Data items
_____
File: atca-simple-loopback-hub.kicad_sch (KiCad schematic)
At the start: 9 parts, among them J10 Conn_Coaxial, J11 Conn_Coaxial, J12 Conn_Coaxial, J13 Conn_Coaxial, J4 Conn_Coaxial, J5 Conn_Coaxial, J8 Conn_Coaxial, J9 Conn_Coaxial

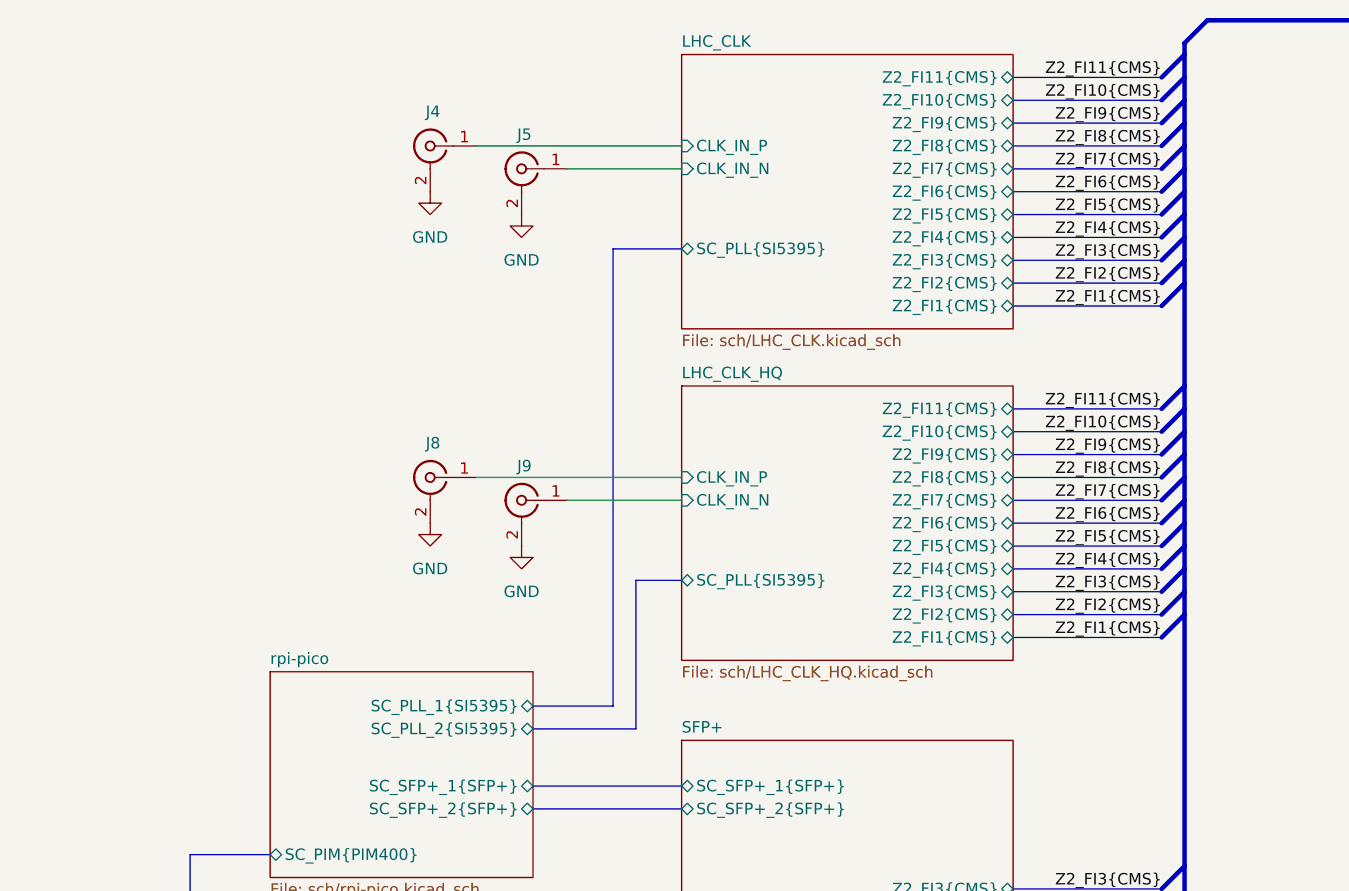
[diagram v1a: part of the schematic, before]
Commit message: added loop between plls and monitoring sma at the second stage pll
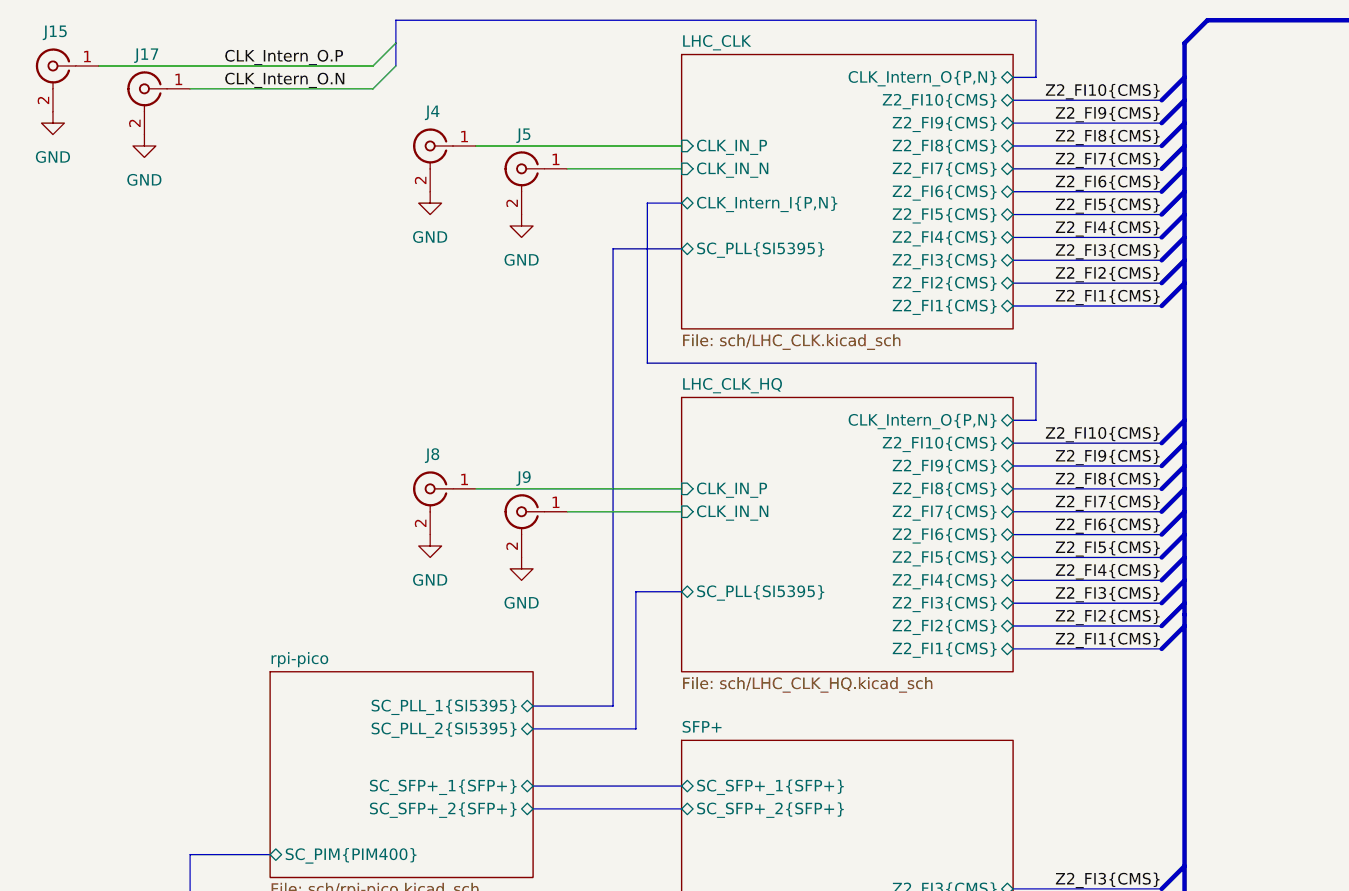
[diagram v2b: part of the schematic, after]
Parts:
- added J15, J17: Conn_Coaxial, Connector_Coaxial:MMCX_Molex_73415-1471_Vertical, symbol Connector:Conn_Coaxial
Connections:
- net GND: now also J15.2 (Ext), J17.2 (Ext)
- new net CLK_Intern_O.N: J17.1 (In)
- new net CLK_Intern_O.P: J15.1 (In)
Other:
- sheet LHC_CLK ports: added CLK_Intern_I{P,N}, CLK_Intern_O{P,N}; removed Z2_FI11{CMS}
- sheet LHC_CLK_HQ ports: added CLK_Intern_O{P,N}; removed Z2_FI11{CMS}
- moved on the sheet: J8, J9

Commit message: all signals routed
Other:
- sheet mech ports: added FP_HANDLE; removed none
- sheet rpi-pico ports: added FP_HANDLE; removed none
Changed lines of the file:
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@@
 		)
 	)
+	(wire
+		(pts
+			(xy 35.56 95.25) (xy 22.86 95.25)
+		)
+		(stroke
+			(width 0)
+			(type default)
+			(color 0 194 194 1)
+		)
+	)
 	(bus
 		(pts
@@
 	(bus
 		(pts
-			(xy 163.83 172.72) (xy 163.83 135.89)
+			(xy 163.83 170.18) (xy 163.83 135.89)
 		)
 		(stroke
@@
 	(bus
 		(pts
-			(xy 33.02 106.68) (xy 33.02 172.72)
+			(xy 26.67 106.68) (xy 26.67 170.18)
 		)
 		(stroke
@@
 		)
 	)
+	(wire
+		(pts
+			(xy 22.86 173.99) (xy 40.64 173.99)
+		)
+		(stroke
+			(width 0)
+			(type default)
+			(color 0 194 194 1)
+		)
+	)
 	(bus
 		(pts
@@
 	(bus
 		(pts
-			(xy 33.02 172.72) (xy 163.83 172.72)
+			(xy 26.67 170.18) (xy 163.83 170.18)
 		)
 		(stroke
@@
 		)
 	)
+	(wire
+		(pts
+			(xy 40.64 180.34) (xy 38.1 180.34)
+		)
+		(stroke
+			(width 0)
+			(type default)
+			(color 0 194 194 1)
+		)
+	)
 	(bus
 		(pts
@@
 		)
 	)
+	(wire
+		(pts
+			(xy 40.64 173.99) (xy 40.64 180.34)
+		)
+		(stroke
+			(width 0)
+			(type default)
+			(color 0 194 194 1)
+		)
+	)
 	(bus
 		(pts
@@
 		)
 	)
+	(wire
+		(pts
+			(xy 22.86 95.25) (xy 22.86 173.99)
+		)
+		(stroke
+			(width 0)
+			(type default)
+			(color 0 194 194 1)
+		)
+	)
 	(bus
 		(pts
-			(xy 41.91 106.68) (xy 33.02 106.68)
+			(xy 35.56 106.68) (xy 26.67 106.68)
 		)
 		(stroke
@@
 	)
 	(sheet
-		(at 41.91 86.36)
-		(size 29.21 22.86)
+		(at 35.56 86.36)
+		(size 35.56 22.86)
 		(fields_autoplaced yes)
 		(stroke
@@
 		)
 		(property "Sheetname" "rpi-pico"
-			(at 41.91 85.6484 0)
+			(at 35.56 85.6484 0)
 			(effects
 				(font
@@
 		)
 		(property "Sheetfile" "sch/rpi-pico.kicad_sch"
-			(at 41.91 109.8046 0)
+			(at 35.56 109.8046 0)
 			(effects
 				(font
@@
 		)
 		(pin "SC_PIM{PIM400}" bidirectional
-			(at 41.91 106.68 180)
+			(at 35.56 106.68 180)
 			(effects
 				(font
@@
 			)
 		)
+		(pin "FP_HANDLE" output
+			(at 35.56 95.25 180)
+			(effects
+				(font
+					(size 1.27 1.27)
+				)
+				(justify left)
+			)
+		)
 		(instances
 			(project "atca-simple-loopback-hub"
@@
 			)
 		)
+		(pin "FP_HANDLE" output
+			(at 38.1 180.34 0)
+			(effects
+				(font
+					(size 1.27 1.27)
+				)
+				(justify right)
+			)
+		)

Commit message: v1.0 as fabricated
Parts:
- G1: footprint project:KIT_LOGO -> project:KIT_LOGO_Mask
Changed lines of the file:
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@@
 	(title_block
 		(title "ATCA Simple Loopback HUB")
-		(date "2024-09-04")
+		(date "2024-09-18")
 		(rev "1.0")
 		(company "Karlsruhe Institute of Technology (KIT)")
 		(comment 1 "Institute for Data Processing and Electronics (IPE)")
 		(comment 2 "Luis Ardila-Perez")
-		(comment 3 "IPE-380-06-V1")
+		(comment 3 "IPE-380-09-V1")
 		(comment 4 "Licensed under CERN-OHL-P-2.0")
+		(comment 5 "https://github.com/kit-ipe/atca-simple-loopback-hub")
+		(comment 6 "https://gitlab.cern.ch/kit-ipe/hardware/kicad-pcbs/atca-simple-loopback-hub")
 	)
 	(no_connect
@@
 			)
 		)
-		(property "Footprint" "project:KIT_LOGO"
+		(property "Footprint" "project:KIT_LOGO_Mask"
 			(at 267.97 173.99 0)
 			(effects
_____
TASK TO COMPLETE: What are the lines above that hold the string "Commit"? Copy them.

TASK RESPONSE:
Commit message: added loop between plls and monitoring sma at the second stage pll
Commit message: all signals routed
Commit message: v1.0 as fabricated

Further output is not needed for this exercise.